→ PROBLEM
Your answer should show every line of the material below that includes "ezdxf".

→ MATERIAL FOR THIS EXERCISE
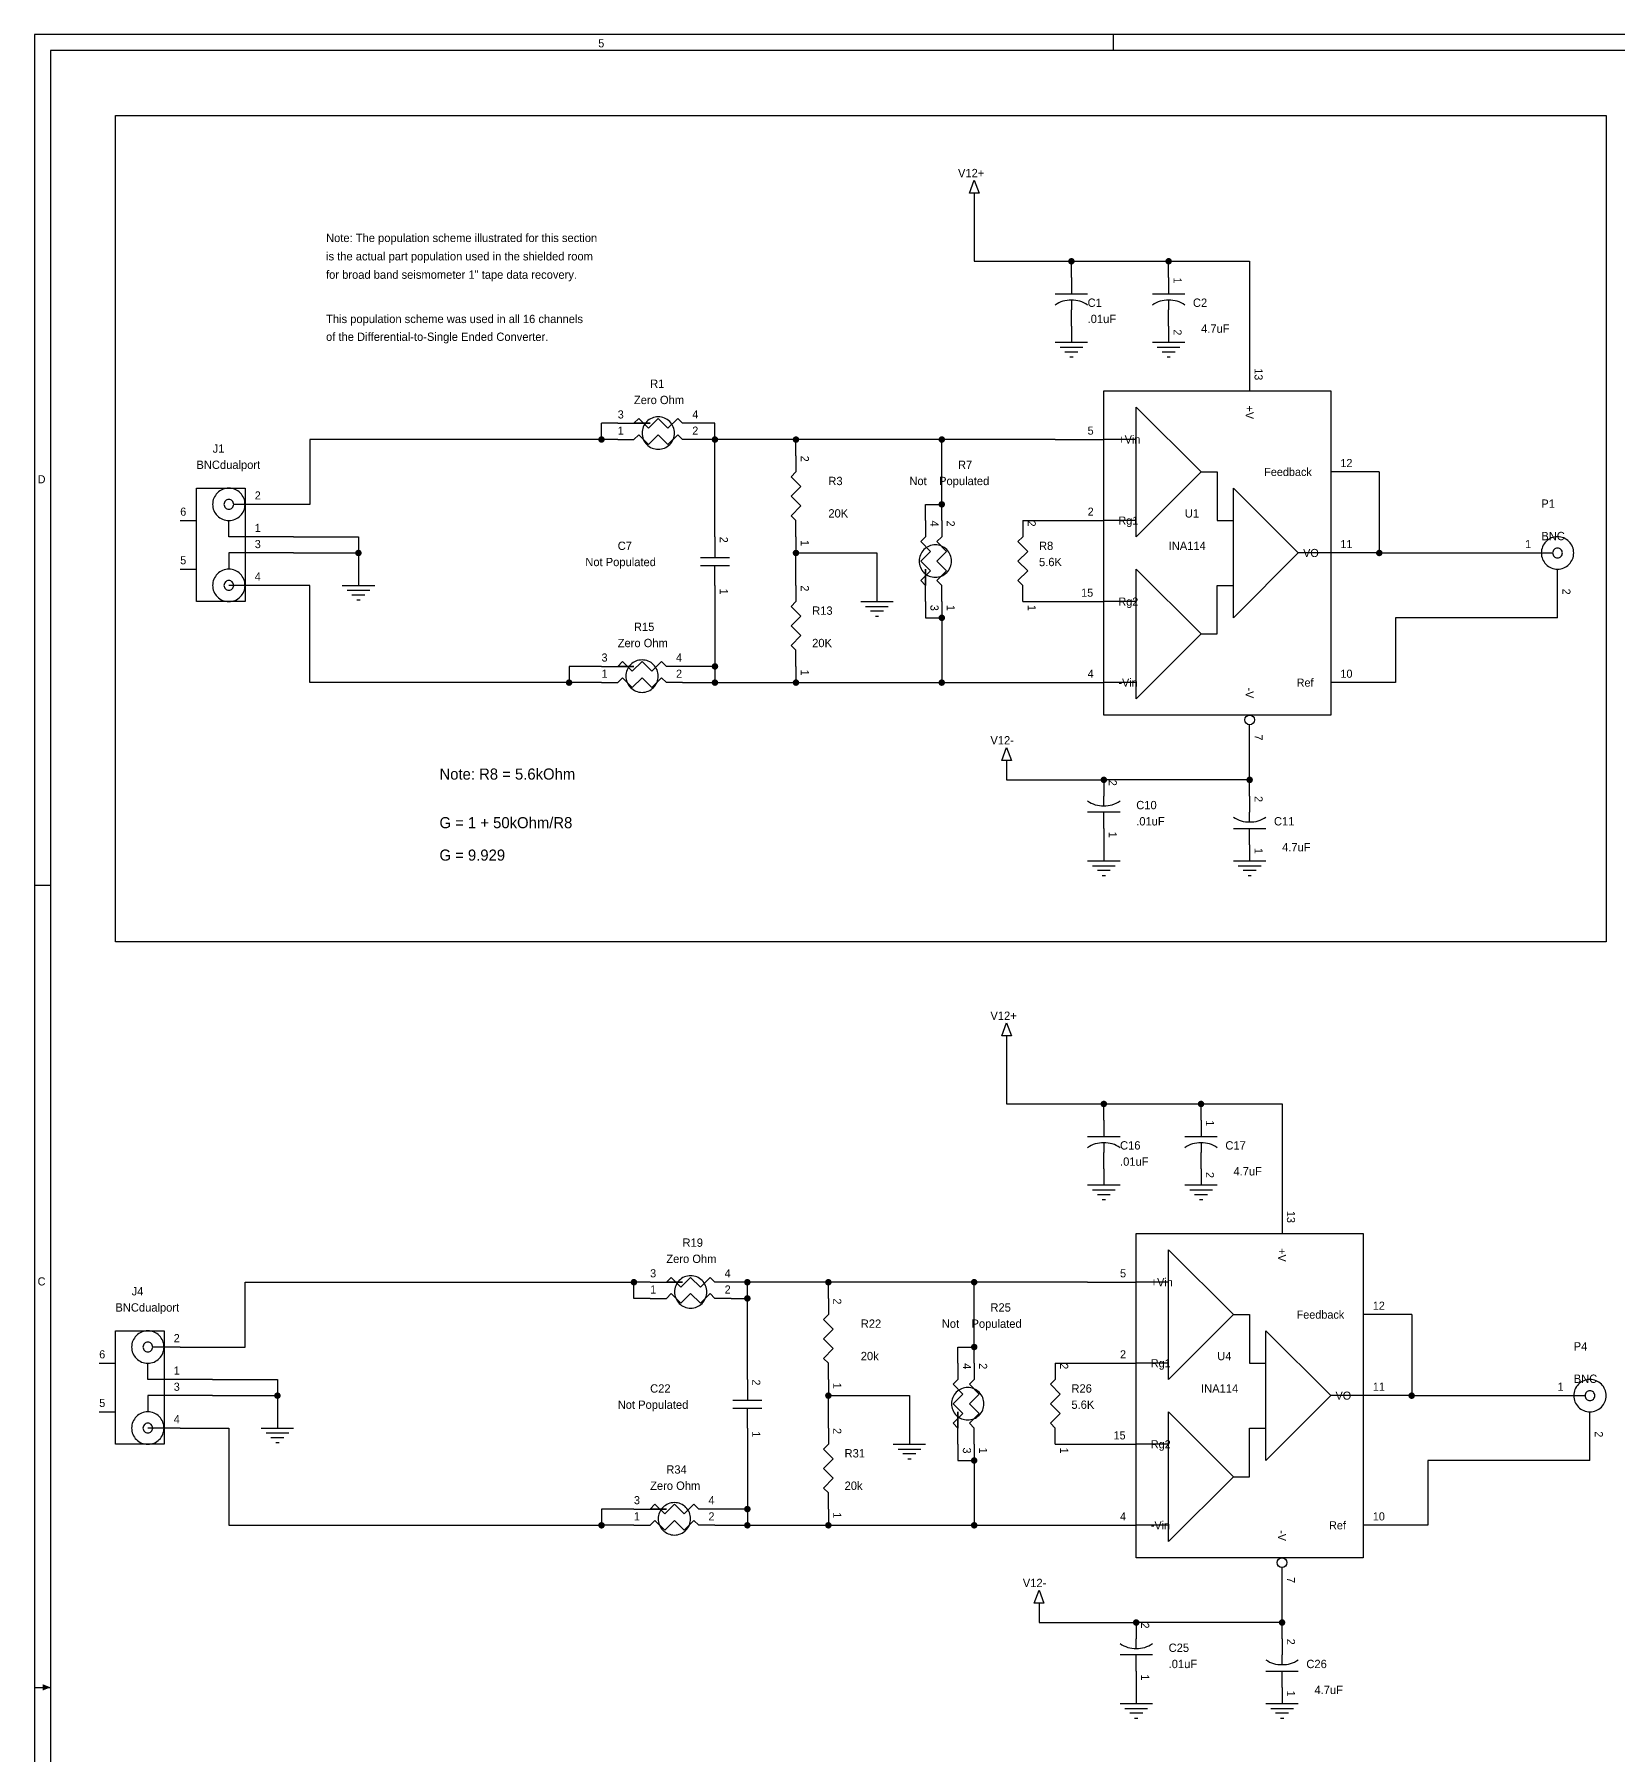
# Model space of a CAD drawing. Header units: metres. Extents: x -0.1 to 32.1, y 0.1 to 20.3.
# Drawn here: x -0.1 to 9.67, y 9.68 to 20.3 of the extents above; entities that cross this region are included whole.
import ezdxf

# ---------------------------------------------------------------- set-up
doc = ezdxf.new("R2010")
doc.units = ezdxf.units.M

msp = doc.modelspace()

# ---------------------------------------------------------------- linework, layer by layer
at = {"layer": 'COMMENTS'}
msp.add_lwpolyline([(0.4, 19.8), (9.6, 19.8), (9.6, 14.7), (0.4, 14.7)], close=True, dxfattribs=at)
at = {"layer": 'PARTS'}
for p, q in [((6.3, 18.8), (6.3, 18.7)), ((6.9, 18.8), (6.9, 18.7)), ((6.3, 18.5), (6.3, 18.6)), ((6.9, 18.5), (6.9, 18.6)), ((7.4, 18.4), (7.4, 18.1)), ((3.5, 17.9), (3.6, 17.9)), ((4, 17.9), (3.9, 17.9)), ((3.5, 17.8), (3.6, 17.8)), ((4, 17.8), (3.9, 17.8)), ((6.2, 17.8), (6.5, 17.8)), ((4.6, 17.7), (4.6, 17.6)), ((8.2, 17.6), (7.9, 17.6)), ((1.3, 17.4), (1.2, 17.4)), ((0.8, 17.3), (0.9, 17.3)), ((1.5, 17.2), (1.2, 17.2)), ((4.1, 17.2), (4.1, 17.1)), ((4.6, 17.2), (4.6, 17.3)), ((5.4, 17.3), (5.4, 17.2)), ((5.5, 17.3), (5.5, 17.2)), ((6, 17.3), (6, 17.2)), ((6.2, 17.3), (6.5, 17.3)), ((1.5, 17.1), (1.2, 17.1)), ((8.2, 17.1), (7.9, 17.1)), ((9.1, 17.1), (9.2, 17.1)), ((0.8, 17), (0.9, 17)), ((4.1, 16.9), (4.1, 17)), ((9.3, 16.7), (9.3, 17)), ((1.3, 16.9), (1.2, 16.9)), ((4.6, 16.9), (4.6, 16.8)), ((5.4, 16.8), (5.4, 16.9)), ((5.5, 16.8), (5.5, 16.9)), ((6, 16.8), (6, 16.9)), ((6.2, 16.8), (6.5, 16.8)), ((4.6, 16.4), (4.6, 16.5)), ((3.4, 16.4), (3.5, 16.4)), ((3.9, 16.4), (3.8, 16.4)), ((3.4, 16.3), (3.5, 16.3)), ((3.9, 16.3), (3.8, 16.3)), ((6.2, 16.3), (6.5, 16.3)), ((8.2, 16.3), (7.9, 16.3)), ((7.4, 15.8), (7.4, 16.04)), ((6.5, 15.7), (6.5, 15.6)), ((6.5, 15.4), (6.5, 15.5)), ((7.4, 15.6), (7.4, 15.5)), ((7.4, 15.3), (7.4, 15.4)), ((6.5, 13.6), (6.5, 13.5)), ((7.1, 13.6), (7.1, 13.5)), ((6.5, 13.3), (6.5, 13.4)), ((7.1, 13.3), (7.1, 13.4)), ((7.6, 13.2), (7.6, 12.9)), ((3.7, 12.6), (3.8, 12.6)), ((4.2, 12.6), (4.1, 12.6)), ((6.4, 12.6), (6.7, 12.6)), ((3.7, 12.5), (3.8, 12.5)), ((4.2, 12.5), (4.1, 12.5)), ((4.8, 12.5), (4.8, 12.4)), ((8.4, 12.4), (8.1, 12.4)), ((0.8, 12.2), (0.7, 12.2)), ((0.3, 12.1), (0.4, 12.1)), ((1, 12), (0.7, 12)), ((4.3, 12), (4.3, 11.9)), ((4.8, 12), (4.8, 12.1)), ((5.6, 12.1), (5.6, 12)), ((5.7, 12.1), (5.7, 12)), ((6.2, 12.1), (6.2, 12)), ((6.4, 12.1), (6.7, 12.1)), ((1, 11.9), (0.7, 11.9)), ((8.4, 11.9), (8.1, 11.9)), ((9.3, 11.9), (9.4, 11.9)), ((0.3, 11.8), (0.4, 11.8)), ((4.3, 11.7), (4.3, 11.8)), ((9.5, 11.5), (9.5, 11.8)), ((0.8, 11.7), (0.7, 11.7)), ((4.8, 11.7), (4.8, 11.6)), ((5.6, 11.6), (5.6, 11.7)), ((5.7, 11.6), (5.7, 11.7)), ((6.2, 11.6), (6.2, 11.7)), ((6.4, 11.6), (6.7, 11.6)), ((4.8, 11.2), (4.8, 11.3)), ((3.6, 11.2), (3.7, 11.2)), ((4.1, 11.2), (4, 11.2)), ((3.6, 11.1), (3.7, 11.1)), ((4.1, 11.1), (4, 11.1)), ((6.4, 11.1), (6.7, 11.1)), ((8.4, 11.1), (8.1, 11.1)), ((7.6, 10.6), (7.6, 10.84)), ((6.7, 10.5), (6.7, 10.4)), ((6.7, 10.2), (6.7, 10.3)), ((7.6, 10.4), (7.6, 10.3)), ((7.6, 10.1), (7.6, 10.2))]:
    msp.add_line(p, q, dxfattribs=at)
for points in [[(5.67, 19.32), (5.7, 19.4)], [(5.73, 19.32), (5.67, 19.32)], [(5.7, 19.4), (5.73, 19.32)], [(5.7, 19.32), (5.7, 19.3)], [(6.2, 18.7), (6.4, 18.7)], [(6.8, 18.7), (7, 18.7)], [(6.3, 18.66), (6.3, 18.6)], [(6.9, 18.66), (6.9, 18.6)], [(6.2, 18.4), (6.4, 18.4)], [(6.23, 18.37), (6.37, 18.37)], [(6.8, 18.4), (7, 18.4)], [(6.83, 18.37), (6.97, 18.37)], [(6.34, 18.34), (6.26, 18.34)], [(6.29, 18.31), (6.31, 18.31)], [(6.94, 18.34), (6.86, 18.34)], [(6.89, 18.31), (6.91, 18.31)], [(7.1, 17.6), (6.7, 18)], [(6.7, 17.2), (6.7, 18)], [(3.6, 17.9), (3.63, 17.93)], [(3.63, 17.93), (3.69, 17.87)], [(3.69, 17.87), (3.75, 17.93)], [(3.75, 17.93), (3.81, 17.87)], [(3.81, 17.87), (3.87, 17.93)], [(3.87, 17.93), (3.9, 17.9)], [(3.6, 17.8), (3.63, 17.83)], [(3.63, 17.83), (3.69, 17.77)], [(3.69, 17.77), (3.75, 17.83)], [(3.75, 17.83), (3.81, 17.77)], [(3.81, 17.77), (3.87, 17.83)], [(3.87, 17.83), (3.9, 17.8)], [(6.7, 17.8), (6.5, 17.8)], [(4.57, 17.57), (4.6, 17.6)], [(4.63, 17.51), (4.57, 17.57)], [(7.1, 17.6), (6.7, 17.2)], [(7.1, 17.6), (7.2, 17.6)], [(7.2, 17.6), (7.2, 17.3)], [(4.57, 17.45), (4.63, 17.51)], [(4.63, 17.39), (4.57, 17.45)], [(7.7, 17.1), (7.3, 17.5)], [(7.3, 16.7), (7.3, 17.5)], [(1.2, 17.4), (1.13, 17.4)], [(4.57, 17.33), (4.63, 17.39)], [(4.6, 17.3), (4.57, 17.33)], [(1.1, 17.2), (1.1, 17.2), (1.1, 17.3)], [(1.2, 17.2), (1.2, 17.2), (1.1, 17.2)], [(5.37, 17.17), (5.4, 17.2)], [(5.47, 17.17), (5.5, 17.2)], [(5.97, 17.17), (6, 17.2)], [(6.7, 17.3), (6.5, 17.3)], [(7.2, 17.3), (7.3, 17.3)], [(1.2, 17.1), (1.2, 17.1), (1.1, 17.1), (1.1, 17)], [(4.1, 17.1), (4.1, 17.07)], [(5.43, 17.11), (5.37, 17.17)], [(5.37, 17.05), (5.43, 17.11)], [(5.53, 17.11), (5.47, 17.17)], [(5.47, 17.05), (5.53, 17.11)], [(6.03, 17.11), (5.97, 17.17)], [(5.97, 17.05), (6.03, 17.11)], [(7.7, 17.1), (7.3, 16.7)], [(7.9, 17.1), (7.7, 17.1)], [(9.2, 17.1), (9.27, 17.1)], [(4.19, 17.07), (4.01, 17.07)], [(4.19, 17.02), (4.01, 17.02)], [(4.1, 17), (4.1, 17.02)], [(5.43, 16.99), (5.37, 17.05)], [(5.37, 16.93), (5.43, 16.99)], [(5.53, 16.99), (5.47, 17.05)], [(5.47, 16.93), (5.53, 16.99)], [(6.03, 16.99), (5.97, 17.05)], [(5.97, 16.93), (6.03, 16.99)], [(7.1, 16.6), (6.7, 17)], [(6.7, 16.2), (6.7, 17)], [(1.2, 16.9), (1.1, 16.9)], [(1.8, 16.9), (2, 16.9)], [(5.4, 16.9), (5.37, 16.93)], [(5.5, 16.9), (5.47, 16.93)], [(6, 16.9), (5.97, 16.93)], [(7.2, 16.6), (7.2, 16.9)], [(7.2, 16.9), (7.3, 16.9)], [(1.83, 16.87), (1.97, 16.87)], [(1.94, 16.84), (1.86, 16.84)], [(1.89, 16.81), (1.91, 16.81)], [(4.57, 16.77), (4.6, 16.8)], [(5, 16.8), (5.2, 16.8)], [(6.7, 16.8), (6.5, 16.8)], [(4.63, 16.71), (4.57, 16.77)], [(4.57, 16.65), (4.63, 16.71)], [(5.03, 16.77), (5.17, 16.77)], [(5.14, 16.74), (5.06, 16.74)], [(5.09, 16.71), (5.11, 16.71)], [(4.63, 16.59), (4.57, 16.65)], [(4.57, 16.53), (4.63, 16.59)], [(7.1, 16.6), (6.7, 16.2)], [(7.1, 16.6), (7.2, 16.6)], [(4.6, 16.5), (4.57, 16.53)], [(3.5, 16.4), (3.53, 16.43)], [(3.53, 16.43), (3.59, 16.37)], [(3.59, 16.37), (3.65, 16.43)], [(3.65, 16.43), (3.71, 16.37)], [(3.71, 16.37), (3.77, 16.43)], [(3.77, 16.43), (3.8, 16.4)], [(3.5, 16.3), (3.53, 16.33)], [(3.53, 16.33), (3.59, 16.27)], [(3.59, 16.27), (3.65, 16.33)], [(3.65, 16.33), (3.71, 16.27)], [(3.71, 16.27), (3.77, 16.33)], [(3.77, 16.33), (3.8, 16.3)], [(6.7, 16.3), (6.5, 16.3)], [(5.87, 15.82), (5.9, 15.9)], [(5.93, 15.82), (5.87, 15.82)], [(5.9, 15.9), (5.93, 15.82)], [(5.9, 15.82), (5.9, 15.8)], [(6.6, 15.5), (6.4, 15.5)], [(6.5, 15.54), (6.5, 15.6)], [(7.4, 15.44), (7.4, 15.5)], [(7.3, 15.4), (7.5, 15.4)], [(6.4, 15.2), (6.6, 15.2)], [(7.3, 15.2), (7.5, 15.2)], [(6.43, 15.17), (6.57, 15.17)], [(6.54, 15.14), (6.46, 15.14)], [(6.49, 15.11), (6.51, 15.11)], [(7.33, 15.17), (7.47, 15.17)], [(7.44, 15.14), (7.36, 15.14)], [(7.39, 15.11), (7.41, 15.11)], [(5.87, 14.12), (5.9, 14.2)], [(5.93, 14.12), (5.87, 14.12)], [(5.9, 14.2), (5.93, 14.12)], [(5.9, 14.12), (5.9, 14.1)], [(6.4, 13.5), (6.6, 13.5)], [(7, 13.5), (7.2, 13.5)], [(6.5, 13.46), (6.5, 13.4)], [(7.1, 13.46), (7.1, 13.4)], [(6.4, 13.2), (6.6, 13.2)], [(6.43, 13.17), (6.57, 13.17)], [(7, 13.2), (7.2, 13.2)], [(7.03, 13.17), (7.17, 13.17)], [(6.54, 13.14), (6.46, 13.14)], [(6.49, 13.11), (6.51, 13.11)], [(7.14, 13.14), (7.06, 13.14)], [(7.09, 13.11), (7.11, 13.11)], [(7.3, 12.4), (6.9, 12.8)], [(6.9, 12), (6.9, 12.8)], [(3.8, 12.6), (3.83, 12.63)], [(3.8, 12.5), (3.83, 12.53)], [(3.83, 12.63), (3.89, 12.57)], [(3.83, 12.53), (3.89, 12.47)], [(3.89, 12.57), (3.95, 12.63)], [(3.89, 12.47), (3.95, 12.53)], [(3.95, 12.63), (4.01, 12.57)], [(3.95, 12.53), (4.01, 12.47)], [(4.01, 12.57), (4.07, 12.63)], [(4.01, 12.47), (4.07, 12.53)], [(4.07, 12.63), (4.1, 12.6)], [(4.07, 12.53), (4.1, 12.5)], [(6.9, 12.6), (6.7, 12.6)], [(4.77, 12.37), (4.8, 12.4)], [(4.83, 12.31), (4.77, 12.37)], [(7.3, 12.4), (6.9, 12)], [(7.3, 12.4), (7.4, 12.4)], [(7.4, 12.4), (7.4, 12.1)], [(4.77, 12.25), (4.83, 12.31)], [(4.83, 12.19), (4.77, 12.25)], [(7.9, 11.9), (7.5, 12.3)], [(7.5, 11.5), (7.5, 12.3)], [(0.7, 12.2), (0.63, 12.2)], [(4.77, 12.13), (4.83, 12.19)], [(4.8, 12.1), (4.77, 12.13)], [(0.6, 12), (0.6, 12), (0.6, 12.1)], [(0.7, 12), (0.7, 12), (0.6, 12)], [(5.57, 11.97), (5.6, 12)], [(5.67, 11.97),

→ RESPONSE BELOW
import ezdxf
doc = ezdxf.new("R2010")
doc.units = ezdxf.units.M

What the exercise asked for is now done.